Research Program of Kathleen P. Pratt, PhD
My laboratory is investigating the structure, function and pathologies due to defects in the blood coagulation cofactor known as factor VIII (FVIII). This large protein circulates in the plasma as a heterodimer, forming a noncovalent complex with von Willebrand factor (VWF), which protects it from degradation and delivers it to wound sites. VWF becomes anchored to collagen that is exposed upon injury, and it releases proteolytically activated FVIII (FVIIIa) as platelets aggregate to form a “platelet plug” to staunch blood loss. FVIIIa then associates with activated membrane surfaces, where it associates with the serine protease factor IXa (FIXa). The substrate for FIXa is the zymogen form of the next serine protease in the coagulation cascade, factor X (FX), which is activated by cleavage of its propeptide. FVIIIa is not a protease; rather, it serves a cofactor function. By associating with FIXa at a negatively charged membrane surface, in the presence of calcium, it increases the catalytic efficiency of FIXa by approximately four orders of magnitude. This acceleratory activity constitutes a critical control point in hemostasis. The importance of FVIII function is underscored by the fact that a severe deficiency in FVIII, which can be caused by gene rearrangements, deletions, or point mutations, results in the bleeding disorder hemophilia A.
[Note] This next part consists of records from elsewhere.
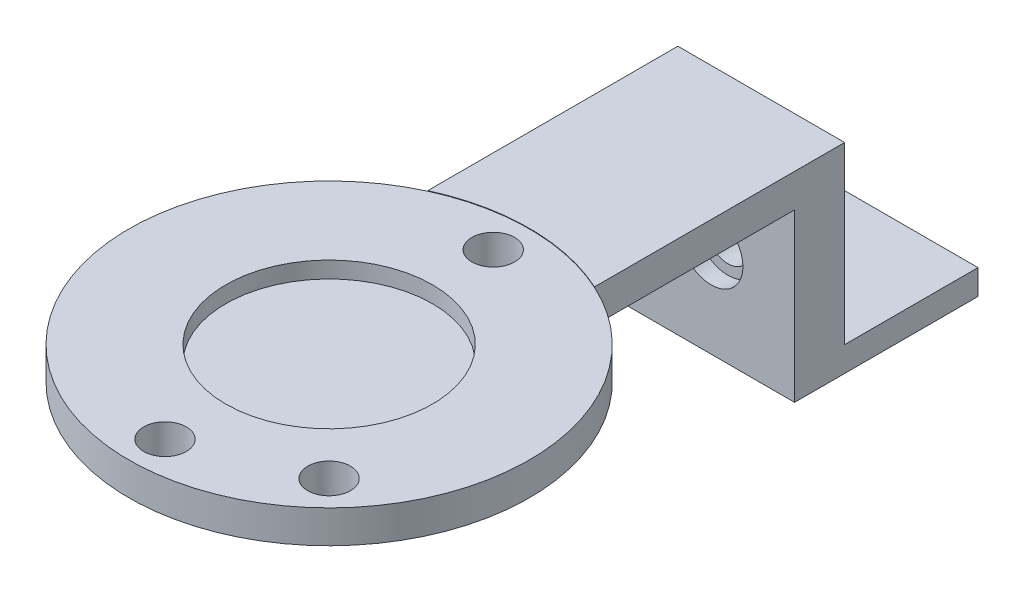
SolidWorks part; units mm, degrees
ref_plane "Front Plane" through (0, 0, 0) normal (0, 0, 1) x (1, 0, 0)
ref_plane "Top Plane" through (0, 0, 0) normal (0, 1, 0) x (1, 0, 0)
ref_plane "Right Plane" through (0, 0, 0) normal (1, 0, 0) x (0, 0, -1)
sketch "Sketch1" plane through (0, 0, 0) normal (0, 1, 0) x (1, 0, 0)
  circle A0 centre (0, 0) radius 30.5
extrude "Boss-Extrude1" add sketch "Sketch1" along normal blind 5
sketch "Sketch2" plane through (0, 5, 0) normal (0, 1, 0) x (1, 0, 0)
  circle A0 centre (0, 0) radius 15.75
extrude "Cut-Extrude1" cut sketch "Sketch2" against normal blind 2.5
sketch "Sketch3" plane through (0, 0, 0) normal (0, -1, 0) x (1, 0, 0)
  circle A0 centre (0, 0) radius 15.75
extrude "Boss-Extrude2" add sketch "Sketch3" along normal blind 2.5
sketch "Sketch4" plane through (0, 0, 0) normal (0, -1, 0) x (-1, 0, 0)
  circle A0 centre (0, 25) radius 3.25
  point P0 (0, 25)
  dimension "D1" = 25
extrude "Cut-Extrude2" cut sketch "Sketch4" against normal blind 5.08
sketch "Sketch5" plane through (0, 0, 0) normal (0, -1, 0) x (1, 0, 0)
  circle A0 centre (0, 25) radius 3.25
  point P0 (0, 25)
  dimension "D1" = 25
extrude "Cut-Extrude3" cut sketch "Sketch5" against normal blind 5.08
sketch "Sketch6" plane through (0, 0, 0) normal (0, -1, 0) x (1, 0, 0)
  circle A0 centre (0, 25) radius 3.25 construction
  circle A1 centre (17.6745, 17.6809) radius 3.25
  point P0 (17.6745, 17.6809)
  dimension "D1" = 25
  dimension "D2" = 19.13
extrude "Cut-Extrude4" cut sketch "Sketch6" against normal blind 5.08
sketch "Sketch7" plane through (0, 0, 0) normal (0, -1, 0) x (1, 0, 0)
  line L0 (0, 0) -> (0, -30.5)
  line L2 (-12.7, -27.7301) -> (12.7, -27.7301)
  line L3 (-12.7, -27.7301) -> (-12.7, -65.8301)
  line L4 (-12.7, -65.8301) -> (12.7, -65.8301)
  line L5 (12.7, -27.7301) -> (12.7, -65.8301)
  circle A0 centre (0, 0) radius 30.5 construction
  circle M8 centre (0, 0) radius 30.5
  dimension "D1" = 25.4
  dimension "D2" = 12.7
  dimension "D3" = 38.1
extrude "Boss-Extrude3" add sketch "Sketch7" against normal blind 5.08 contours L5 L3 L4 M8
sketch "Sketch8" plane through (0, 0, 0) normal (0, -1, 0) x (1, 0, 0)
  line L0 (-12.7, -27.7301) -> (-12.7, -65.8301) construction
  line L1 (12.7, -65.8301) -> (-12.7, -65.8301)
  line L2 (12.7, -65.8301) -> (12.7, -58.2101)
  line L3 (12.7, -58.2101) -> (-12.7, -58.2101)
  line L4 (-12.7, -65.8301) -> (-12.7, -58.2101)
  dimension "D1" = 7.62
extrude "Boss-Extrude4" add sketch "Sketch8" along normal blind 25.4
sketch "Sketch9" plane through (0, 0, -65.8301) normal (0, 0, -1) x (-1, 0, 0)
  line L0 (-12.7, 5.08) -> (-12.7, -25.4) construction
  line L1 (12.7, -25.4) -> (-12.7, -25.4)
  line L2 (12.7, -25.4) -> (12.7, -21.59)
  line L3 (12.7, -21.59) -> (-12.7, -21.59)
  line L4 (-12.7, -25.4) -> (-12.7, -21.59)
  dimension "D1" = 3.81
extrude "Boss-Extrude5" add sketch "Sketch9" along normal blind 20.32
sketch "Sketch10" plane through (0, 0, -65.8301) normal (0, 0, -1) x (-1, 0, 0)
  line L0 (0, -21.59) -> (0, 5.08)
  line L1 (12.7, -21.59) -> (-12.7, -21.59) construction
  line L2 (12.7, 5.08) -> (-12.7, 5.08) construction
  circle A0 centre (0, -11.43) radius 3.302
  dimension "D1" = 10.16
extrude "Cut-Extrude5" cut sketch "Sketch10" against normal blind 7.62 contours L0 A0
sketch "Sketch11" plane through (0, 0, -58.2101) normal (0, 0, 1) x (1, 0, 0)
  circle A0 centre (0, -11.43) radius 4.826
extrude "Cut-Extrude6" cut sketch "Sketch11" against normal blind 2.54
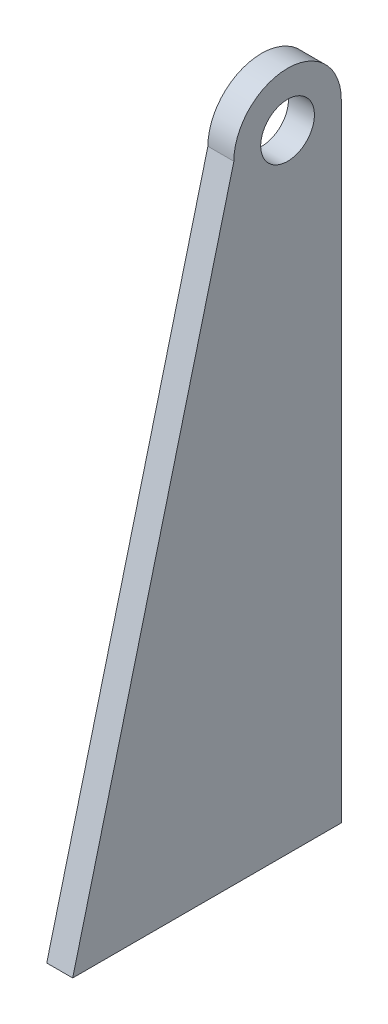
SolidWorks part; units mm, degrees
ref_plane "Front Plane" through (0, 0, 0) normal (0, 0, 1) x (1, 0, 0)
ref_plane "Top Plane" through (0, 0, 0) normal (0, 1, 0) x (1, 0, 0)
ref_plane "Right Plane" through (0, 0, 0) normal (1, 0, 0) x (0, 0, -1)
sketch "Sketch1" plane through (0, 0, 0) normal (1, 0, 0) x (0, 0, -1)
  line L0 (0, 0) -> (60, 0)
  line L1 (60, 0) -> (60, 140)
  line L2 (0, 0) -> (36, 140)
  circle A0 centre (48, 140) radius 6
  arc A1 (60, 140) -> (36, 140) centre (48, 140) ccw
  dimension "D3" = 12
  dimension "D4" = 24
  dimension "D1" = 60
  dimension "D2" = 140
extrude "Boss-Extrude1" add sketch "Sketch1" along normal blind 5.8
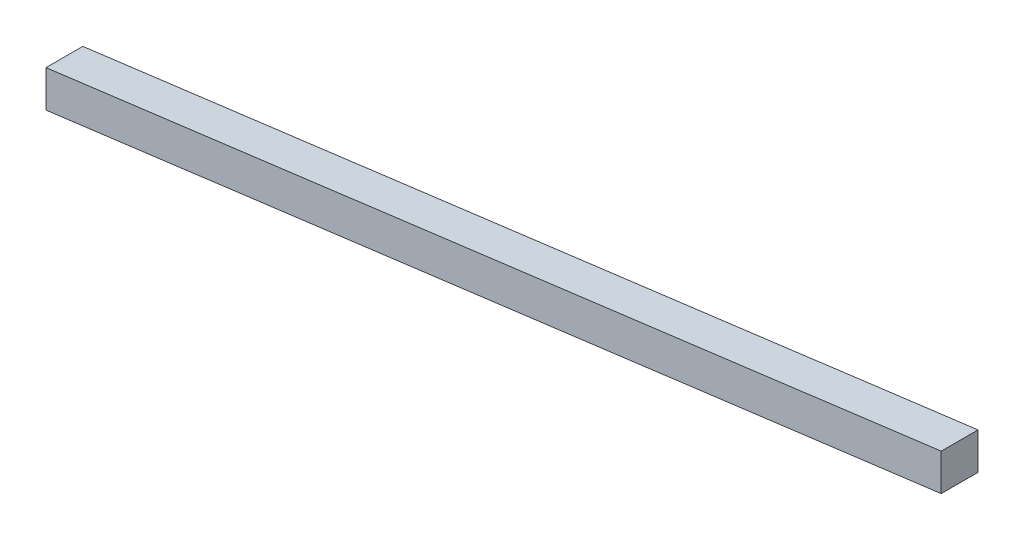
SolidWorks part; units mm, degrees
ref_plane "Front Plane" through (0, 0, 0) normal (1, 0, 0) x (0, 1, 0)
ref_plane "Top Plane" through (0, 0, 0) normal (0, 0, 1) x (0, 1, 0)
ref_plane "Right Plane" through (0, 0, 0) normal (0, 1, 0) x (-1, 0, 0)
sketch "Sketch1" plane through (0, 0, 0) normal (0, 0, 1) x (0, 1, 0)
  line L0 (-12.4164, 73.0062) -> (-6.4164, 73.0062)
  line L1 (-6.4164, 73.0062) -> (12.4164, -73.0062)
  line L2 (12.4164, -73.0062) -> (6.4164, -73.0062)
  line L3 (-12.4164, 73.0062) -> (6.4164, -73.0062)
extrude "Boss-Extrude1" add sketch "Sketch1" along normal blind 6
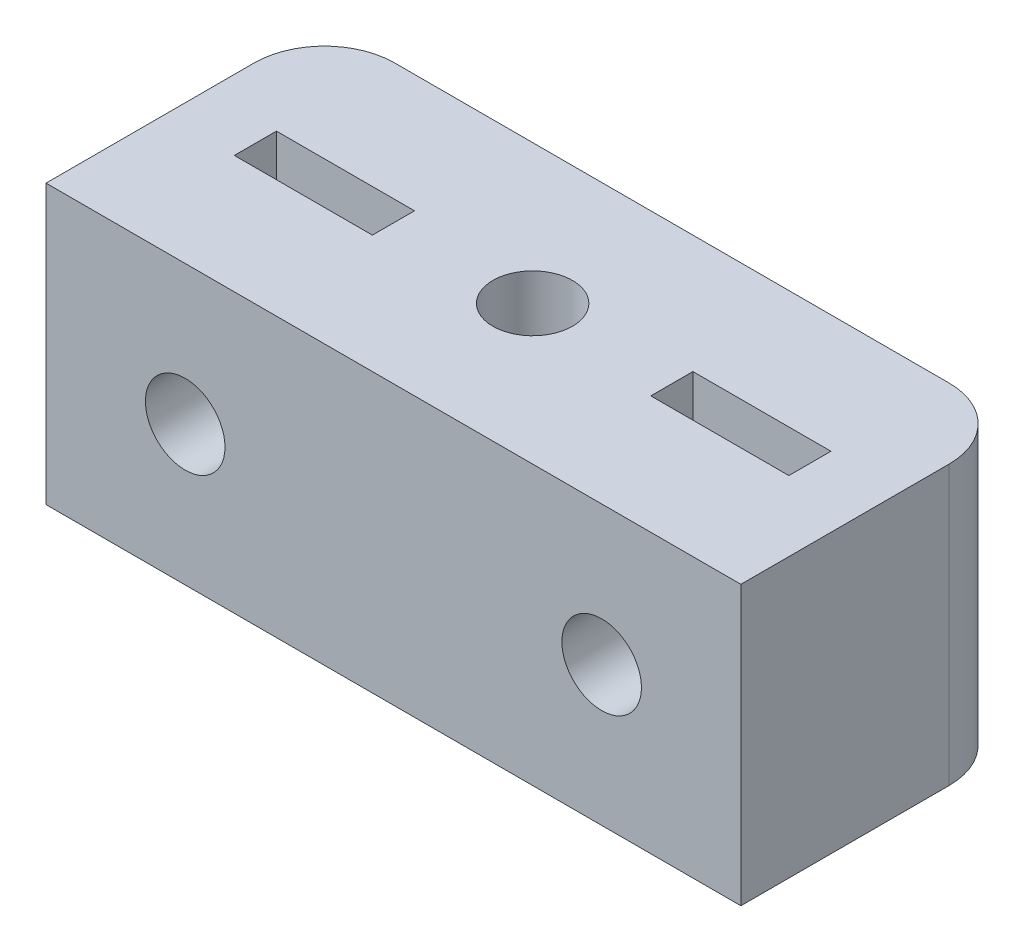
SolidWorks part; units mm, degrees
ref_plane "Front Plane" through (0, 0, 0) normal (0, 0, 1) x (1, 0, 0)
ref_plane "Top Plane" through (0, 0, 0) normal (0, 1, 0) x (1, 0, 0)
ref_plane "Right Plane" through (0, 0, 0) normal (1, 0, 0) x (0, 0, -1)
sketch "Sketch1" plane through (0, 0, 0) normal (0, 1, 0) x (1, 0, 0)
  line L1 (-14.85, -5.95) -> (14.85, -5.95)
  line L2 (-14.85, -5.95) -> (-14.85, 5.95)
  line L3 (-14.85, 5.95) -> (14.85, 5.95)
  line L4 (14.85, -5.95) -> (14.85, 5.95)
  line L5 (-14.85, -5.95) -> (14.85, 5.95) construction
  line L6 (-14.85, 5.95) -> (14.85, -5.95) construction
  point P0 (0, 0)
  dimension "D1" = 11.9
  dimension "D2" = 29.7
extrude "Boss-Extrude1" add sketch "Sketch1" along normal mid plane 11.9
sketch "Sketch2" plane through (0, 0, 5.95) normal (0, 0, 1) x (1, 0, 0)
  line L0 (-8.9, 5.95) -> (-8.9, -5.95) construction
  line L1 (-14.85, 5.95) -> (14.85, 5.95) construction
  line L3 (-14.85, 5.95) -> (-14.85, -5.95) construction
  line L4 (-14.85, -5.95) -> (14.85, -5.95) construction
  circle A0 centre (-8.9, 0) radius 1.7
  dimension "D2" = 3.4
  dimension "D1" = 5.95
extrude "Cut-Extrude1" cut sketch "Sketch2" against normal through all
sketch "Sketch3" plane through (0, 0, 0) normal (0, 0, 1) x (1, 0, 0)
  line L0 (-11.85, 2.95) -> (-11.85, 5.95)
  line L1 (-11.85, -2.95) -> (-5.95, -2.95)
  line L2 (-11.85, -2.95) -> (-11.85, 2.95)
  line L3 (-11.85, 2.95) -> (-5.95, 2.95) construction
  line L4 (-5.95, -2.95) -> (-5.95, 2.95)
  line L5 (-11.85, -2.95) -> (-5.95, 2.95) construction
  line L6 (-11.85, 2.95) -> (-5.95, -2.95) construction
  line L7 (-14.85, 5.95) -> (14.85, 5.95) construction
  line L8 (-11.85, 5.95) -> (-5.95, 5.95)
  line L9 (-5.95, 5.95) -> (-5.95, 2.95)
  circle A0 centre (-8.9, 0) radius 1.7 construction
  point P0 (-8.9, 0)
  dimension "D1" = 5.9
  dimension "D2" = 5.9
extrude "Cut-Extrude2" cut sketch "Sketch3" against normal mid plane 1.8
mirror "Mirror1" about plane through (0, 0, 0) normal (1, 0, 0) of "Cut-Extrude2", "Cut-Extrude1"
sketch "Sketch4" plane through (0, 5.95, 0) normal (0, 1, 0) x (1, 0, 0)
  circle A0 centre (0, 0) radius 1.7
  dimension "D1" = 3.4
extrude "Cut-Extrude3" cut sketch "Sketch4" against normal through all
sketch "Sketch5" plane through (0, 0, 0) normal (0, 1, 0) x (1, 0, 0)
  line L0 (-2.95, 2.95) -> (-2.95, 5.95)
  line L1 (-2.95, -2.95) -> (2.95, -2.95)
  line L2 (-2.95, -2.95) -> (-2.95, 2.95)
  line L3 (-2.95, 2.95) -> (2.95, 2.95) construction
  line L4 (2.95, -2.95) -> (2.95, 2.95)
  line L5 (-2.95, -2.95) -> (2.95, 2.95) construction
  line L6 (-2.95, 2.95) -> (2.95, -2.95) construction
  line L7 (14.85, 5.95) -> (-14.85, 5.95) construction
  line L8 (-2.95, 5.95) -> (2.95, 5.95)
  line L9 (2.95, 5.95) -> (2.95, 2.95)
  point P1 (0, 0)
  dimension "D1" = 5.9
  dimension "D2" = 5.9
extrude "Cut-Extrude4" cut sketch "Sketch5" against normal mid plane 1.8
fillet "Fillet1" radius 3 2 edges at (-14.85, 0, -5.95) (14.85, 0, -5.95)
equation "\"M3_d\"= 3.4"
equation "\"M3_nut_m\"= 1.8"
equation "\"M3_nut_s\"= 5.9"
equation "\"t\"= 3"
equation "\"D1@Sketch1\"=\"M3_nut_s\" + 2 * \"t\""
equation "\"D2@Sketch1\"=3 * \"M3_nut_s\" + 2 * \"t\" + 2 * \"t\""
equation "\"D1@Boss-Extrude1\"=\"M3_nut_s\" + 2 * \"t\""
equation "\"D1@Sketch2\"=\"t\" + \"M3_nut_s\" / 2 "
equation "\"D2@Sketch2\"=\"M3_d\""
equation "\"D1@Sketch3\"=\"M3_nut_s\""
equation "\"D2@Sketch3\"=\"M3_nut_s\""
equation "\"D1@Cut-Extrude2\"=\"M3_nut_m\""
equation "\"D1@Sketch4\"=\"M3_d\""
equation "\"D1@Sketch5\"=\"M3_nut_s\""
equation "\"D2@Sketch5\"=\"M3_nut_s\""
equation "\"D1@Cut-Extrude4\"=\"M3_nut_m\""
equation "\"D1@Fillet1\"=\"t\""

Hemophilia A is treated by infusing patients with FVIII. Unfortunately, approximately one quarter of the patients who receive these infusions develop antibodies that bind to FVIII and interfere with its pro-coagulant function. Current projects in my laboratory are focused on characterizing these immune responses and designing less immunogenic versions of FVIII. We are also collaborating with Dr. Tom E. Howard, of the Greater Los Angeles VA, to investigate the reasons that hemophilia A patients with black African ancestry are more likely to develop these immune responses.